Parlamentskorrespondenz Nr. 50 vom 28.01.2016

Nationalrat: Rufbereitschaft für FachärztInnen in Unikliniken fix

FPÖ und Grüne befürchten Verschlechterung in der Patientenversorgung

Wien (PK) – FachärztInnen in Zentralkrankenanstalten müssen nicht mehr rund um die Uhr in jedem Sonderfach vor Ort anwesend sein. In Zukunft genügt eine Rufbereitschaft während der Nacht und bei Wochenend- und Feiertagsdiensten. Das hat der Nationalrat heute in einer entsprechenden Novelle zum Krankenanstalten- und Kuranstaltengesetz ohne die Stimmen von FPÖ und Grünen beschlossen. Gesundheitsministerin Sabine Oberhauser entgegnete den Bedenken der Oppositionsparteien, dass von einer generellen Rufbereitschaft keine Rede sei. "Für die Sicherheit der PatientInnen ist gesorgt", so Oberhauser im Plenum. In Sachen Frauengesundheit kündigte die Ministerin für 2017 einen "Aktionsplan Frauengesundheit" an, den ihr Ressort gerade zusammen mit dem Frauenministerium erstellt.

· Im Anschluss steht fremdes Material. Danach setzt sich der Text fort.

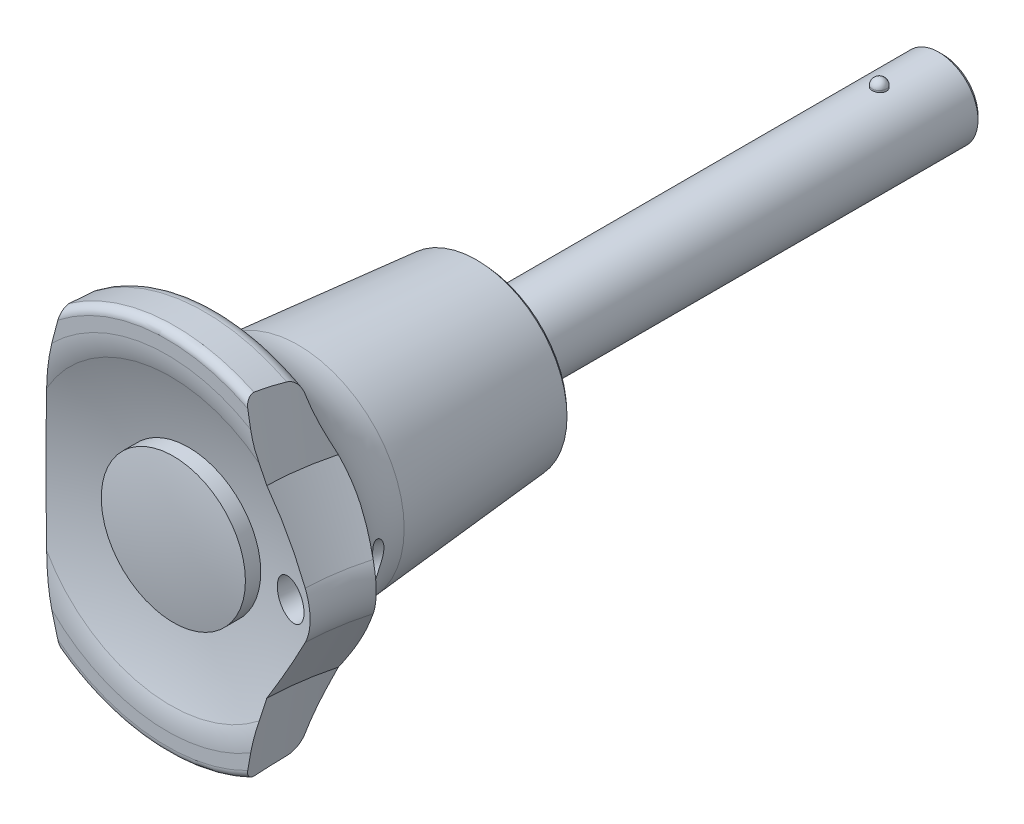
ISO-10303-21;
HEADER;
FILE_DESCRIPTION(('STEP AP214'),'2;1');
FILE_NAME('part.step','',(''),(''),'','','');
FILE_SCHEMA(('AUTOMOTIVE_DESIGN { 1 0 10303 214 1 1 1 1 }'));
ENDSEC;
DATA;
#1=APPLICATION_CONTEXT('core data for automotive mechanical design processes');
#2=APPLICATION_PROTOCOL_DEFINITION('international standard','automotive_design',2000,#1);
#3=PRODUCT_CONTEXT('',#1,'mechanical');
#4=PRODUCT('Part','Part','',(#3));
#5=PRODUCT_RELATED_PRODUCT_CATEGORY('part','',(#4));
#6=PRODUCT_DEFINITION_FORMATION('','',#4);
#7=PRODUCT_DEFINITION_CONTEXT('part definition',#1,'design');
#8=PRODUCT_DEFINITION('design','',#6,#7);
#9=PRODUCT_DEFINITION_SHAPE('','',#8);
#10=(LENGTH_UNIT() NAMED_UNIT(*) SI_UNIT(.MILLI.,.METRE.));
#11=(NAMED_UNIT(*) PLANE_ANGLE_UNIT() SI_UNIT($,.RADIAN.));
#12=(NAMED_UNIT(*) SI_UNIT($,.STERADIAN.) SOLID_ANGLE_UNIT());
#13=UNCERTAINTY_MEASURE_WITH_UNIT(LENGTH_MEASURE(1.E-05),#10,'distance_accuracy_value','');
#14=(GEOMETRIC_REPRESENTATION_CONTEXT(3) GLOBAL_UNCERTAINTY_ASSIGNED_CONTEXT((#13)) GLOBAL_UNIT_ASSIGNED_CONTEXT((#10,
#11,#12)) REPRESENTATION_CONTEXT('',''));
#15=CARTESIAN_POINT('',(0.,0.,0.));
#16=DIRECTION('',(0.,0.,1.));
#17=DIRECTION('',(1.,0.,0.));
#18=AXIS2_PLACEMENT_3D('',#15,#16,#17);
#19=CARTESIAN_POINT('',(0.,5.095,-50.9));
#20=DIRECTION('',(1.,0.,0.));
#21=DIRECTION('',(0.,1.,0.));
#22=AXIS2_PLACEMENT_3D('',#19,#20,#21);
#23=SPHERICAL_SURFACE('',#22,0.905);
#24=CARTESIAN_POINT('',(0.,5.19,-50.9));
#25=DIRECTION('',(0.,1.,0.));
#26=DIRECTION('',(0.,0.,1.));
#27=AXIS2_PLACEMENT_3D('',#24,#25,#26);
#28=CIRCLE('',#27,0.9);
#29=CARTESIAN_POINT('',(0.,5.19,-50.));
#30=VERTEX_POINT('',#29);
#31=EDGE_CURVE('E581',#30,#30,#28,.F.);
#32=ORIENTED_EDGE('',*,*,#31,.F.);
#33=EDGE_LOOP('',(#32));
#34=FACE_BOUND('',#33,.T.);
#35=ADVANCED_FACE('F14',(#34),#23,.T.);
#36=CARTESIAN_POINT('',(0.,-5.095,-50.9));
#37=DIRECTION('',(1.,0.,0.));
#38=DIRECTION('',(0.,1.,0.));
#39=AXIS2_PLACEMENT_3D('',#36,#37,#38);
#40=SPHERICAL_SURFACE('',#39,0.905000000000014);
#41=CARTESIAN_POINT('',(0.,-5.19000000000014,-50.9));
#42=DIRECTION('',(0.,1.,0.));
#43=DIRECTION('',(0.,0.,1.));
#44=AXIS2_PLACEMENT_3D('',#41,#42,#43);
#45=CIRCLE('',#44,0.9);
#46=CARTESIAN_POINT('',(0.,-5.19000000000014,-50.));
#47=VERTEX_POINT('',#46);
#48=EDGE_CURVE('E680',#47,#47,#45,.T.);
#49=ORIENTED_EDGE('',*,*,#48,.F.);
#50=EDGE_LOOP('',(#49));
#51=FACE_BOUND('',#50,.T.);
#52=ADVANCED_FACE('F670',(#51),#40,.T.);
#53=CARTESIAN_POINT('',(0.,2.25,-59.));
#54=DIRECTION('',(0.,0.,-1.));
#55=DIRECTION('',(-1.,0.,0.));
#56=AXIS2_PLACEMENT_3D('',#53,#54,#55);
#57=PLANE('',#56);
#58=CARTESIAN_POINT('',(0.,0.,-59.0000000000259));
#59=DIRECTION('',(0.,0.,1.));
#60=DIRECTION('',(1.,0.,0.));
#61=AXIS2_PLACEMENT_3D('',#58,#59,#60);
#62=CIRCLE('',#61,4.50000000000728);
#63=CARTESIAN_POINT('',(4.50000000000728,0.,-59.0000000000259));
#64=VERTEX_POINT('',#63);
#65=EDGE_CURVE('E681',#64,#64,#62,.T.);
#66=ORIENTED_EDGE('',*,*,#65,.F.);
#67=EDGE_LOOP('',(#66));
#68=FACE_BOUND('',#67,.T.);
#69=ADVANCED_FACE('F667',(#68),#57,.T.);
#70=CARTESIAN_POINT('',(0.,0.,-50.9));
#71=DIRECTION('',(0.,1.,0.));
#72=DIRECTION('',(0.,0.,1.));
#73=AXIS2_PLACEMENT_3D('',#70,#71,#72);
#74=CYLINDRICAL_SURFACE('',#73,0.9);
#75=CARTESIAN_POINT('',(0.,5.,-51.8));
#76=CARTESIAN_POINT('',(0.0501124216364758,4.99999901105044,-51.7999978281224));
#77=CARTESIAN_POINT('',(0.100255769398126,4.99923870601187,-51.7957998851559));
#78=CARTESIAN_POINT('',(0.199137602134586,4.99627847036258,-51.7791264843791));
#79=CARTESIAN_POINT('',(0.247874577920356,4.99407704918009,-51.7666424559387));
#80=CARTESIAN_POINT('',(0.342490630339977,4.9884811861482,-51.7337895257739));
#81=CARTESIAN_POINT('',(0.38837233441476,4.98508786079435,-51.7134280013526));
#82=CARTESIAN_POINT('',(0.476061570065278,4.97747978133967,-51.6654177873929));
#83=CARTESIAN_POINT('',(0.51786962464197,4.9732651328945,-51.6377700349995));
#84=CARTESIAN_POINT('',(0.596695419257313,4.96442800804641,-51.5756460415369));
#85=CARTESIAN_POINT('',(0.633661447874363,4.95980189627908,-51.5411046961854));
#86=CARTESIAN_POINT('',(0.701306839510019,4.95069050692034,-51.4663139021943));
#87=CARTESIAN_POINT('',(0.731985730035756,4.94620523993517,-51.4260640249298));
#88=CARTESIAN_POINT('',(0.786397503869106,4.93784820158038,-51.3406378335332));
#89=CARTESIAN_POINT('',(0.810078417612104,4.93398111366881,-51.2954279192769));
#90=CARTESIAN_POINT('',(0.849489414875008,4.92734915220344,-51.2015904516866));
#91=CARTESIAN_POINT('',(0.865220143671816,4.92458418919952,-51.1529631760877));
#92=CARTESIAN_POINT('',(0.888119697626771,4.92050592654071,-51.0542219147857));
#93=CARTESIAN_POINT('',(0.895378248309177,4.91917742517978,-51.0041293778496));
#94=CARTESIAN_POINT('',(0.901405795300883,4.91807661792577,-50.9034210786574));
#95=CARTESIAN_POINT('',(0.900175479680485,4.91830418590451,-50.8528053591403));
#96=CARTESIAN_POINT('',(0.889333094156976,4.92027595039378,-50.7531342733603));
#97=CARTESIAN_POINT('',(0.879822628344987,4.92200176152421,-50.7040674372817));
#98=CARTESIAN_POINT('',(0.85284959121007,4.92674673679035,-50.608236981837));
#99=CARTESIAN_POINT('',(0.835386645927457,4.92976596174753,-50.5614734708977));
#100=CARTESIAN_POINT('',(0.79290296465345,4.93677714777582,-50.4712762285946));
#101=CARTESIAN_POINT('',(0.767840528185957,4.94077445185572,-50.4278625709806));
#102=CARTESIAN_POINT('',(0.710900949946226,4.94928741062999,-50.3458218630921));
#103=CARTESIAN_POINT('',(0.679023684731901,4.95380307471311,-50.3071948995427));
#104=CARTESIAN_POINT('',(0.608815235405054,4.96292375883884,-50.2352394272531));
#105=CARTESIAN_POINT('',(0.570398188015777,4.96752913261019,-50.2019946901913));
#106=CARTESIAN_POINT('',(0.48846871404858,4.97625288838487,-50.1423951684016));
#107=CARTESIAN_POINT('',(0.444954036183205,4.98037105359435,-50.1160434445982));
#108=CARTESIAN_POINT('',(0.353963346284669,4.98766441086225,-50.0709683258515));
#109=CARTESIAN_POINT('',(0.306480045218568,4.99083781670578,-50.0522593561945));
#110=CARTESIAN_POINT('',(0.209052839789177,4.99586463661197,-50.0231462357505));
#111=CARTESIAN_POINT('',(0.159114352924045,4.99772082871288,-50.0127246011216));
#112=CARTESIAN_POINT('',(0.0726264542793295,4.99960356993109,-50.0021976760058));
#113=CARTESIAN_POINT('',(0.0363222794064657,5.0000010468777,-49.9999973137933));
#114=CARTESIAN_POINT('',(-0.050085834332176,4.99999855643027,-50.0000037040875));
#115=CARTESIAN_POINT('',(-0.100206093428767,4.99923934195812,-50.0041963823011));
#116=CARTESIAN_POINT('',(-0.199090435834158,4.99628073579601,-50.0208609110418));
#117=CARTESIAN_POINT('',(-0.247851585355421,4.99407844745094,-50.0333494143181));
#118=CARTESIAN_POINT('',(-0.342496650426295,4.98848079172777,-50.0662127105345));
#119=CARTESIAN_POINT('',(-0.38838420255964,4.98508696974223,-50.0865772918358));
#120=CARTESIAN_POINT('',(-0.476072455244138,4.97747869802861,-50.1345893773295));
#121=CARTESIAN_POINT('',(-0.517874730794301,4.97326456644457,-50.1622340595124));
#122=CARTESIAN_POINT('',(-0.596690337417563,4.96442857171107,-50.2243498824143));
#123=CARTESIAN_POINT('',(-0.633651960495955,4.95980307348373,-50.2588861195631));
#124=CARTESIAN_POINT('',(-0.701299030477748,4.95069165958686,-50.3336761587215));
#125=CARTESIAN_POINT('',(-0.731982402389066,4.94620579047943,-50.3739318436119));
#126=CARTESIAN_POINT('',(-0.78641186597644,4.93784595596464,-50.4593836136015));
#127=CARTESIAN_POINT('',(-0.810103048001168,4.93397693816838,-50.5046151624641));
#128=CARTESIAN_POINT('',(-0.849506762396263,4.9273462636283,-50.5984664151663));
#129=CARTESIAN_POINT('',(-0.865228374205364,4.9245833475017,-50.6470821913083));
#130=CARTESIAN_POINT('',(-0.884453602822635,4.92115841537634,-50.7299635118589));
#131=CARTESIAN_POINT('',(-0.890274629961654,4.92010435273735,-50.7636935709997));
#132=CARTESIAN_POINT('',(-0.898048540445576,4.91869131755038,-50.8316109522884));
#133=CARTESIAN_POINT('',(-0.90000148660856,4.91833233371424,-50.8657982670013));
#134=CARTESIAN_POINT('',(-0.899997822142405,4.91833410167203,-50.9501049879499));
#135=CARTESIAN_POINT('',(-0.895801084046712,4.91910713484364,-51.0002409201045));
#136=CARTESIAN_POINT('',(-0.879132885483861,4.92211278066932,-51.0991073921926));
#137=CARTESIAN_POINT('',(-0.866652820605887,4.92434691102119,-51.1478364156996));
#138=CARTESIAN_POINT('',(-0.833811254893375,4.93001364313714,-51.2424363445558));
#139=CARTESIAN_POINT('',(-0.813457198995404,4.93344511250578,-51.2883099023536));
#140=CARTESIAN_POINT('',(-0.765465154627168,4.94111838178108,-51.3759841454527));
#141=CARTESIAN_POINT('',(-0.737828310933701,4.94536005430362,-51.4177854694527));
#142=CARTESIAN_POINT('',(-0.675719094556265,4.95423002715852,-51.49661301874));
#143=CARTESIAN_POINT('',(-0.641179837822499,4.95886183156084,-51.5335861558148));
#144=CARTESIAN_POINT('',(-0.566380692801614,4.9679602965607,-51.6012537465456));
#145=CARTESIAN_POINT('',(-0.526119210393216,4.9724269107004,-51.6319464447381));
#146=CARTESIAN_POINT('',(-0.44066245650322,4.98073004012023,-51.6863859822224));
#147=CARTESIAN_POINT('',(-0.395432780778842,4.98456163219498,-51.7100795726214));
#148=CARTESIAN_POINT('',(-0.301585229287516,4.99111708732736,-51.7494884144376));
#149=CARTESIAN_POINT('',(-0.252971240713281,4.99384219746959,-51.7652126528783));
#150=CARTESIAN_POINT('',(-0.170082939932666,4.99721806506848,-51.7844450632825));
#151=CARTESIAN_POINT('',(-0.136343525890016,4.99825616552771,-51.7902693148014));
#152=CARTESIAN_POINT('',(-0.0684075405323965,4.99964746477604,-51.7980474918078));
#153=CARTESIAN_POINT('',(-0.0342109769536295,5.0000006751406,-51.8000014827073));
#154=CARTESIAN_POINT('',(0.,5.,-51.8));
#155=B_SPLINE_CURVE_WITH_KNOTS('',3,(#75,#76,#77,#78,#79,#80,#81,#82,#83,#84,#85,#86,#87,#88,
#89,#90,#91,#92,#93,#94,#95,#96,#97,#98,#99,#100,#101,#102,#103,#104,#105,#106,#107,#108,#109,
#110,#111,#112,#113,#114,#115,#116,#117,#118,#119,#120,#121,#122,#123,#124,#125,#126,#127,#128,
#129,#130,#131,#132,#133,#134,#135,#136,#137,#138,#139,#140,#141,#142,#143,#144,#145,#146,#147,
#148,#149,#150,#151,#152,#153,#154),.UNSPECIFIED.,.T.,.F.,(4,2,2,2,2,2,2,2,2,2,2,2,2,2,2,2,2,2,
2,2,2,2,2,2,2,2,2,2,2,2,2,2,2,2,2,2,2,2,2,4),(0.,0.1502115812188,0.300578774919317,
0.450805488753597,0.601012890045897,0.752712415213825,0.904423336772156,1.05723413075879,
1.21003251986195,1.36119756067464,1.51235034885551,1.6616741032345,1.81100488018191,
1.96117037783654,2.11133859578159,2.26365668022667,2.41604228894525,2.56871420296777,
2.72106316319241,2.82994351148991,2.98008175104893,3.13052228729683,3.28076842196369,
3.43095640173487,3.58263659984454,3.73436684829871,3.88725873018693,4.03997603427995,
4.14249708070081,4.24501646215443,4.39520570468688,4.54555120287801,4.695754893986,
4.84593498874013,4.99764780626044,5.14940297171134,5.30228458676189,5.45499341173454,
5.55754227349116,5.66008940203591),.UNSPECIFIED.);
#156=CARTESIAN_POINT('',(0.,5.,-51.8));
#157=VERTEX_POINT('',#156);
#158=EDGE_CURVE('E639',#157,#157,#155,.T.);
#159=ORIENTED_EDGE('',*,*,#158,.F.);
#160=EDGE_LOOP('',(#159));
#161=FACE_BOUND('',#160,.T.);
#162=ORIENTED_EDGE('',*,*,#31,.T.);
#163=EDGE_LOOP('',(#162));
#164=FACE_BOUND('',#163,.T.);
#165=ADVANCED_FACE('F662',(#161,#164),#74,.T.);
#166=CARTESIAN_POINT('',(0.,0.,-50.9));
#167=DIRECTION('',(0.,1.,0.));
#168=DIRECTION('',(0.,0.,1.));
#169=AXIS2_PLACEMENT_3D('',#166,#167,#168);
#170=CYLINDRICAL_SURFACE('',#169,0.9);
#171=ORIENTED_EDGE('',*,*,#48,.T.);
#172=EDGE_LOOP('',(#171));
#173=FACE_BOUND('',#172,.T.);
#174=CARTESIAN_POINT('',(0.,-5.,-50.));
#175=CARTESIAN_POINT('',(0.0500692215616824,-4.99999896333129,-50.0000023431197));
#176=CARTESIAN_POINT('',(0.100201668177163,-4.99923945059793,-50.0041960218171));
#177=CARTESIAN_POINT('',(0.199094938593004,-4.99628062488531,-50.0208612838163));
#178=CARTESIAN_POINT('',(0.247852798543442,-4.99407841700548,-50.0333495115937));
#179=CARTESIAN_POINT('',(0.342494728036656,-4.98848086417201,-50.0662123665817));
#180=CARTESIAN_POINT('',(0.388382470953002,-4.98508708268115,-50.0865766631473));
#181=CARTESIAN_POINT('',(0.476071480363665,-4.97747881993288,-50.1345885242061));
#182=CARTESIAN_POINT('',(0.5178741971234,-4.97326463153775,-50.1622334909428));
#183=CARTESIAN_POINT('',(0.596694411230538,-4.96442810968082,-50.2243532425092));
#184=CARTESIAN_POINT('',(0.633659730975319,-4.95980210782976,-50.2588937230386));
#185=CARTESIAN_POINT('',(0.70130546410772,-4.9506907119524,-50.3336842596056));
#186=CARTESIAN_POINT('',(0.731985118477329,-4.94620533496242,-50.3739350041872));
#187=CARTESIAN_POINT('',(0.786397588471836,-4.93784818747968,-50.4593623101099));
#188=CARTESIAN_POINT('',(0.810078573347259,-4.93398108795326,-50.5045723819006));
#189=CARTESIAN_POINT('',(0.849489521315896,-4.92734913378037,-50.5984098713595));
#190=CARTESIAN_POINT('',(0.86522018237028,-4.92458418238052,-50.6470369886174));
#191=CARTESIAN_POINT('',(0.888119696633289,-4.92050592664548,-50.7457780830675));
#192=CARTESIAN_POINT('',(0.895378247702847,-4.9191774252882,-50.7958706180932));
#193=CARTESIAN_POINT('',(0.901405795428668,-4.91807661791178,-50.8965789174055));
#194=CARTESIAN_POINT('',(0.90017547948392,-4.91830418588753,-50.9471946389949));
#195=CARTESIAN_POINT('',(0.889333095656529,-4.92027595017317,-51.0468657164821));
#196=CARTESIAN_POINT('',(0.879822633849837,-4.92200176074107,-51.095932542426));
#197=CARTESIAN_POINT('',(0.852849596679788,-4.92674673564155,-51.1917629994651));
#198=CARTESIAN_POINT('',(0.835386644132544,-4.92976596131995,-51.2385265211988));
#199=CARTESIAN_POINT('',(0.792902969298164,-4.93677714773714,-51.328723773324));
#200=CARTESIAN_POINT('',(0.767840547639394,-4.94077445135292,-51.3721374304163));
#201=CARTESIAN_POINT('',(0.710900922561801,-4.94928741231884,-51.4541781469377));
#202=CARTESIAN_POINT('',(0.679023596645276,-4.95380307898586,-51.4928051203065));
#203=CARTESIAN_POINT('',(0.608815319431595,-4.96292375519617,-51.5647605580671));
#204=CARTESIAN_POINT('',(0.570398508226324,-4.96752911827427,-51.5980052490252));
#205=CARTESIAN_POINT('',(0.488468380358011,-4.97625290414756,-51.6576049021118));
#206=CARTESIAN_POINT('',(0.444952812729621,-4.98037111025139,-51.6839568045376));
#207=CARTESIAN_POINT('',(0.353964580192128,-4.98766435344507,-51.7290314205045));
#208=CARTESIAN_POINT('',(0.306484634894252,-4.99083760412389,-51.7477397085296));
#209=CARTESIAN_POINT('',(0.209048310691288,-4.99586484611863,-51.7768546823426));
#210=CARTESIAN_POINT('',(0.159097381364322,-4.99772161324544,-51.7872788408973));
#211=CARTESIAN_POINT('',(0.0906480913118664,-4.99921111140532,-51.7956083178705));
#212=CARTESIAN_POINT('',(0.0725612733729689,-4.99950630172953,-51.7972538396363));
#213=CARTESIAN_POINT('',(0.0363190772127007,-4.99990093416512,-51.7994501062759));
#214=CARTESIAN_POINT('',(0.0181636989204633,-5.00000037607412,-51.8000008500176));
#215=CARTESIAN_POINT('',(-0.0500692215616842,-4.99999896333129,-51.7999976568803));
#216=CARTESIAN_POINT('',(-0.100201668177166,-4.99923945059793,-51.7958039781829));
#217=CARTESIAN_POINT('',(-0.199094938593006,-4.99628062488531,-51.7791387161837));
#218=CARTESIAN_POINT('',(-0.247852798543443,-4.99407841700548,-51.7666504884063));
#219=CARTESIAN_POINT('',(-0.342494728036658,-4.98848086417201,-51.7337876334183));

Auf jeden Fall besetzt sein werden demnach auch weiterhin die Intensivmedizin, die Chirurgie, die Innere Medizin, die Anästhesiologie und die Kinder- und Jugendheilkunde. Beschränkt wird mit der Novelle auch die Abgabe von Muttermilch auf Krankenanstalten mit Abteilungen für Frauenheilkunde und Geburtshilfe. Spitäler müssen künftig zudem regeln, in welchen Bereichen des Krankenhauses Assistenz- und Therapiehunde zulässig sind. Ein Aspekt, auf den Ulrike Königsberger-Ludwig (S) einging. Assistenzhunde seien besonders für Menschen mit Behinderung wichtige Helfer, um den Alltag zu bewältigen, wie sie meinte.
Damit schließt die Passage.